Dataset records
# # #

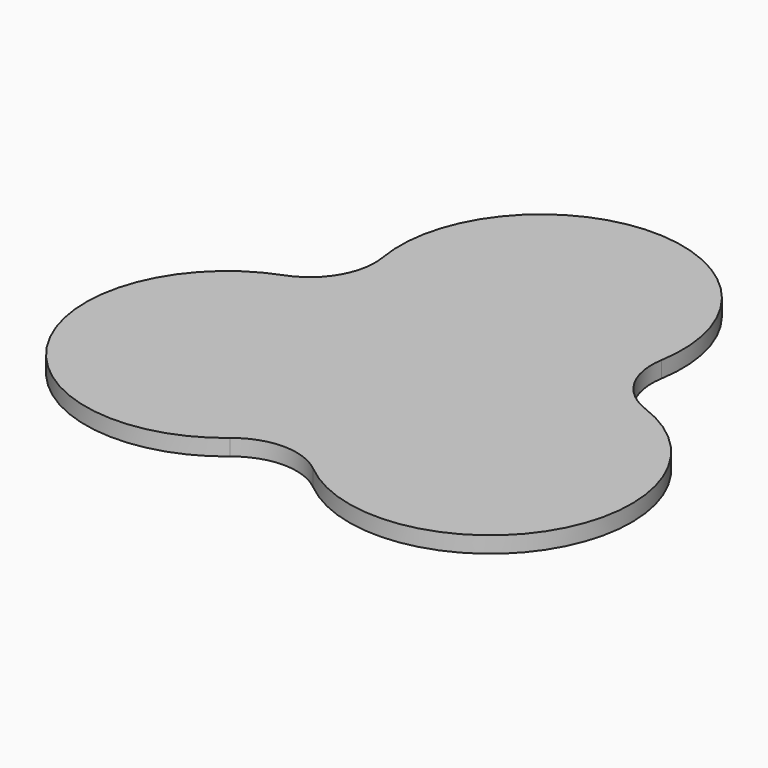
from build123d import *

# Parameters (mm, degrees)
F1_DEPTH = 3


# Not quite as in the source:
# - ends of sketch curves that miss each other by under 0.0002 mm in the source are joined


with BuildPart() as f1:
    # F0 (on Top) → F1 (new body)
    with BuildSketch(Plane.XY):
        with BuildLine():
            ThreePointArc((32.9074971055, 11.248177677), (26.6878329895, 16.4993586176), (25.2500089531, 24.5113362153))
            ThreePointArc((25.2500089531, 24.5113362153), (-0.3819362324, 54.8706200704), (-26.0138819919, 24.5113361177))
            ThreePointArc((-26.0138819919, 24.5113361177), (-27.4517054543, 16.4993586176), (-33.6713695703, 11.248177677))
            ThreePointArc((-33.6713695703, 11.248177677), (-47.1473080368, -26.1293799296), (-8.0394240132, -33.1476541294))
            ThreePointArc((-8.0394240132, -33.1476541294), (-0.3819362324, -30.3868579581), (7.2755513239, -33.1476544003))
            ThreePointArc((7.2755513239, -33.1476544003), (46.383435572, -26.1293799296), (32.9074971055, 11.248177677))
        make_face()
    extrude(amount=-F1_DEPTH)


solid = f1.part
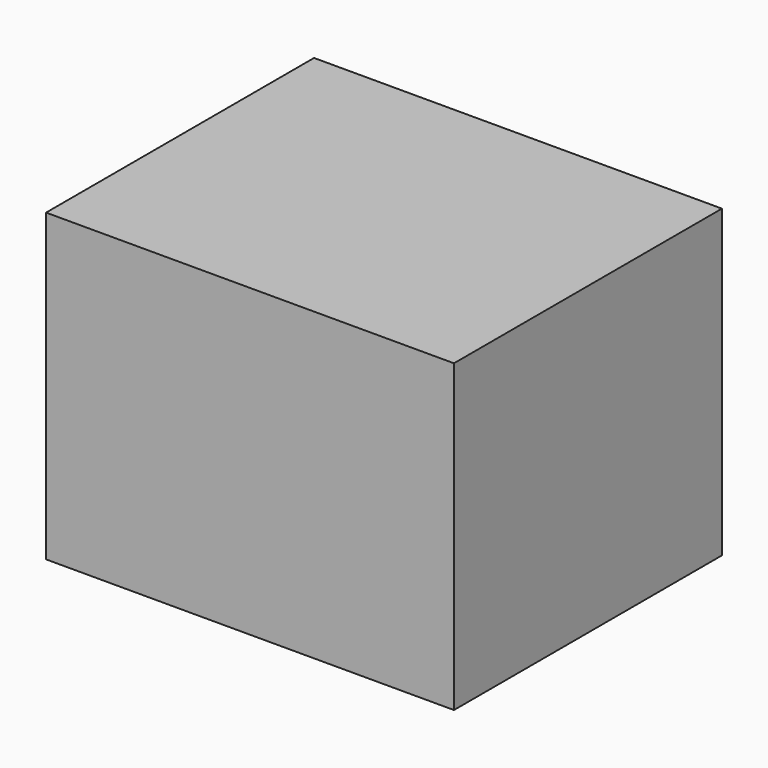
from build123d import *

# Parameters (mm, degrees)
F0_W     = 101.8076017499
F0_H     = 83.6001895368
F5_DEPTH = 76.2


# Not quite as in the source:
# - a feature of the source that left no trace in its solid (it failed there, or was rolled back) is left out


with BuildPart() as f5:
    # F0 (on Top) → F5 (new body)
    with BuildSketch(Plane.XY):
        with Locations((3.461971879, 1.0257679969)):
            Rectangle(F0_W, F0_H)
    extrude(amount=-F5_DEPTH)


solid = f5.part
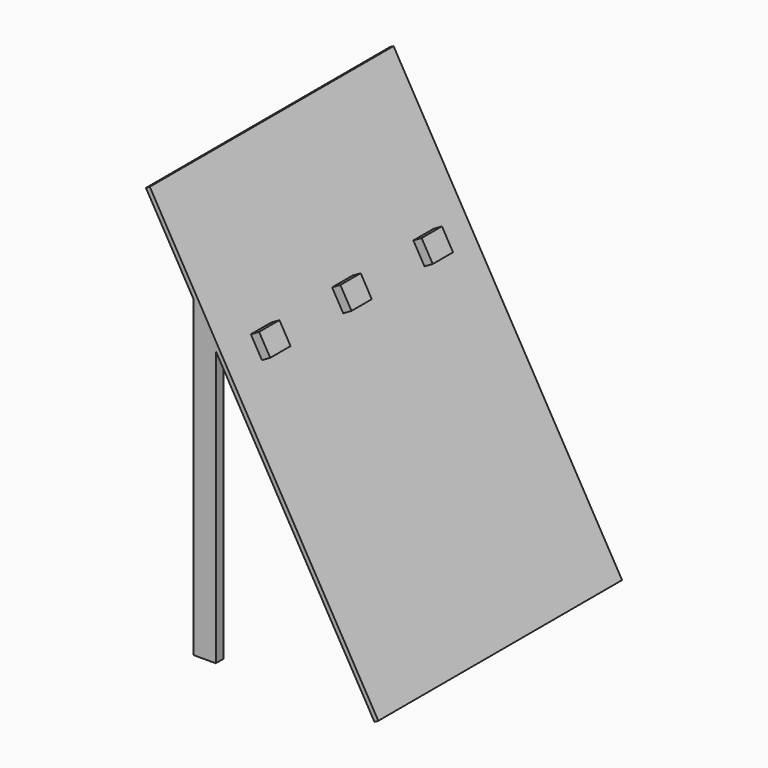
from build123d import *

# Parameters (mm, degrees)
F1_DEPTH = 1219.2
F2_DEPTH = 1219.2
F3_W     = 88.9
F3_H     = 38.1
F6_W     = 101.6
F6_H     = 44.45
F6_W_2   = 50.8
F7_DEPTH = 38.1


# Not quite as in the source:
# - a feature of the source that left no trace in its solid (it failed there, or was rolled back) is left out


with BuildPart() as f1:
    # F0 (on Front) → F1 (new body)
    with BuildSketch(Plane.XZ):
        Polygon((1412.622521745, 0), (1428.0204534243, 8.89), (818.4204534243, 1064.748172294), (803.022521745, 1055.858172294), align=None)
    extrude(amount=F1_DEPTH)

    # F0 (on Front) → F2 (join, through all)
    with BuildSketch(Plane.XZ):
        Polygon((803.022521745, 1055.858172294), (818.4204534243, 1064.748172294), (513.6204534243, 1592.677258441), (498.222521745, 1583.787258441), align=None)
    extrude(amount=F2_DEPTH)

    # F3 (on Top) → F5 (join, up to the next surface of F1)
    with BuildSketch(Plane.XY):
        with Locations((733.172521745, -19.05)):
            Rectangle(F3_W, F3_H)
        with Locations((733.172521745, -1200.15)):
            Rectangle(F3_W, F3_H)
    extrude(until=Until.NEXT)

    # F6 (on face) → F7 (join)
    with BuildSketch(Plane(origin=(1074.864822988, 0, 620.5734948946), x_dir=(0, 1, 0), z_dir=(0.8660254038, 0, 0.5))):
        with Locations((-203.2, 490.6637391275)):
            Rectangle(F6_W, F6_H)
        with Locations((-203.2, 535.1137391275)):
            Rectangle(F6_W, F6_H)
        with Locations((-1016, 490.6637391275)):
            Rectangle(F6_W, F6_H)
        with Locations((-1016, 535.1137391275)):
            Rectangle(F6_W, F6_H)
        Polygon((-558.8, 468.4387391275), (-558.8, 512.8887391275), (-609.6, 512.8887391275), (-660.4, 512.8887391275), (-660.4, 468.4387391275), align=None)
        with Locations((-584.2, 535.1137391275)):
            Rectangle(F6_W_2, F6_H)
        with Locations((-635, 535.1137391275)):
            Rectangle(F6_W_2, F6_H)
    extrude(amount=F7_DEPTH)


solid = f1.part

# # #

*WHAT YOU HAVE TO DO:*
From the first line to the last, please copy the data exactly, with the pictures left out.

*WRITTEN RESPONSE:*
from build123d import *

# Parameters (mm, degrees)
F1_DEPTH = 3


# Not quite as in the source:
# - ends of sketch curves that miss each other by under 0.0002 mm in the source are joined


with BuildPart() as f1:
    # F0 (on Top) → F1 (new body)
    with BuildSketch(Plane.XY):
        with BuildLine():
            ThreePointArc((32.9074971055, 11.248177677), (26.6878329895, 16.4993586176), (25.2500089531, 24.5113362153))
            ThreePointArc((25.2500089531, 24.5113362153), (-0.3819362324, 54.8706200704), (-26.0138819919, 24.5113361177))
            ThreePointArc((-26.0138819919, 24.5113361177), (-27.4517054543, 16.4993586176), (-33.6713695703, 11.248177677))
            ThreePointArc((-33.6713695703, 11.248177677), (-47.1473080368, -26.1293799296), (-8.0394240132, -33.1476541294))
            ThreePointArc((-8.0394240132, -33.1476541294), (-0.3819362324, -30.3868579581), (7.2755513239, -33.1476544003))
            ThreePointArc((7.2755513239, -33.1476544003), (46.383435572, -26.1293799296), (32.9074971055, 11.248177677))
        make_face()
    extrude(amount=-F1_DEPTH)


solid = f1.part
from build123d import *

# Parameters (mm, degrees)
F0_W     = 101.8076017499
F0_H     = 83.6001895368
F5_DEPTH = 76.2


# Not quite as in the source:
# - a feature of the source that left no trace in its solid (it failed there, or was rolled back) is left out


with BuildPart() as f5:
    # F0 (on Top) → F5 (new body)
    with BuildSketch(Plane.XY):
        with Locations((3.461971879, 1.0257679969)):
            Rectangle(F0_W, F0_H)
    extrude(amount=-F5_DEPTH)


solid = f5.part
from build123d import *

# Parameters (mm, degrees)
F1_DEPTH = 1219.2
F2_DEPTH = 1219.2
F3_W     = 88.9
F3_H     = 38.1
F6_W     = 101.6
F6_H     = 44.45
F6_W_2   = 50.8
F7_DEPTH = 38.1


# Not quite as in the source:
# - a feature of the source that left no trace in its solid (it failed there, or was rolled back) is left out


with BuildPart() as f1:
    # F0 (on Front) → F1 (new body)
    with BuildSketch(Plane.XZ):
        Polygon((1412.622521745, 0), (1428.0204534243, 8.89), (818.4204534243, 1064.748172294), (803.022521745, 1055.858172294), align=None)
    extrude(amount=F1_DEPTH)

    # F0 (on Front) → F2 (join, through all)
    with BuildSketch(Plane.XZ):
        Polygon((803.022521745, 1055.858172294), (818.4204534243, 1064.748172294), (513.6204534243, 1592.677258441), (498.222521745, 1583.787258441), align=None)
    extrude(amount=F2_DEPTH)

    # F3 (on Top) → F5 (join, up to the next surface of F1)
    with BuildSketch(Plane.XY):
        with Locations((733.172521745, -19.05)):
            Rectangle(F3_W, F3_H)
        with Locations((733.172521745, -1200.15)):
            Rectangle(F3_W, F3_H)
    extrude(until=Until.NEXT)

    # F6 (on face) → F7 (join)
    with BuildSketch(Plane(origin=(1074.864822988, 0, 620.5734948946), x_dir=(0, 1, 0), z_dir=(0.8660254038, 0, 0.5))):
        with Locations((-203.2, 490.6637391275)):
            Rectangle(F6_W, F6_H)
        with Locations((-203.2, 535.1137391275)):
            Rectangle(F6_W, F6_H)
        with Locations((-1016, 490.6637391275)):
            Rectangle(F6_W, F6_H)
        with Locations((-1016, 535.1137391275)):
            Rectangle(F6_W, F6_H)
        Polygon((-558.8, 468.4387391275), (-558.8, 512.8887391275), (-609.6, 512.8887391275), (-660.4, 512.8887391275), (-660.4, 468.4387391275), align=None)
        with Locations((-584.2, 535.1137391275)):
            Rectangle(F6_W_2, F6_H)
        with Locations((-635, 535.1137391275)):
            Rectangle(F6_W_2, F6_H)
    extrude(amount=F7_DEPTH)


solid = f1.part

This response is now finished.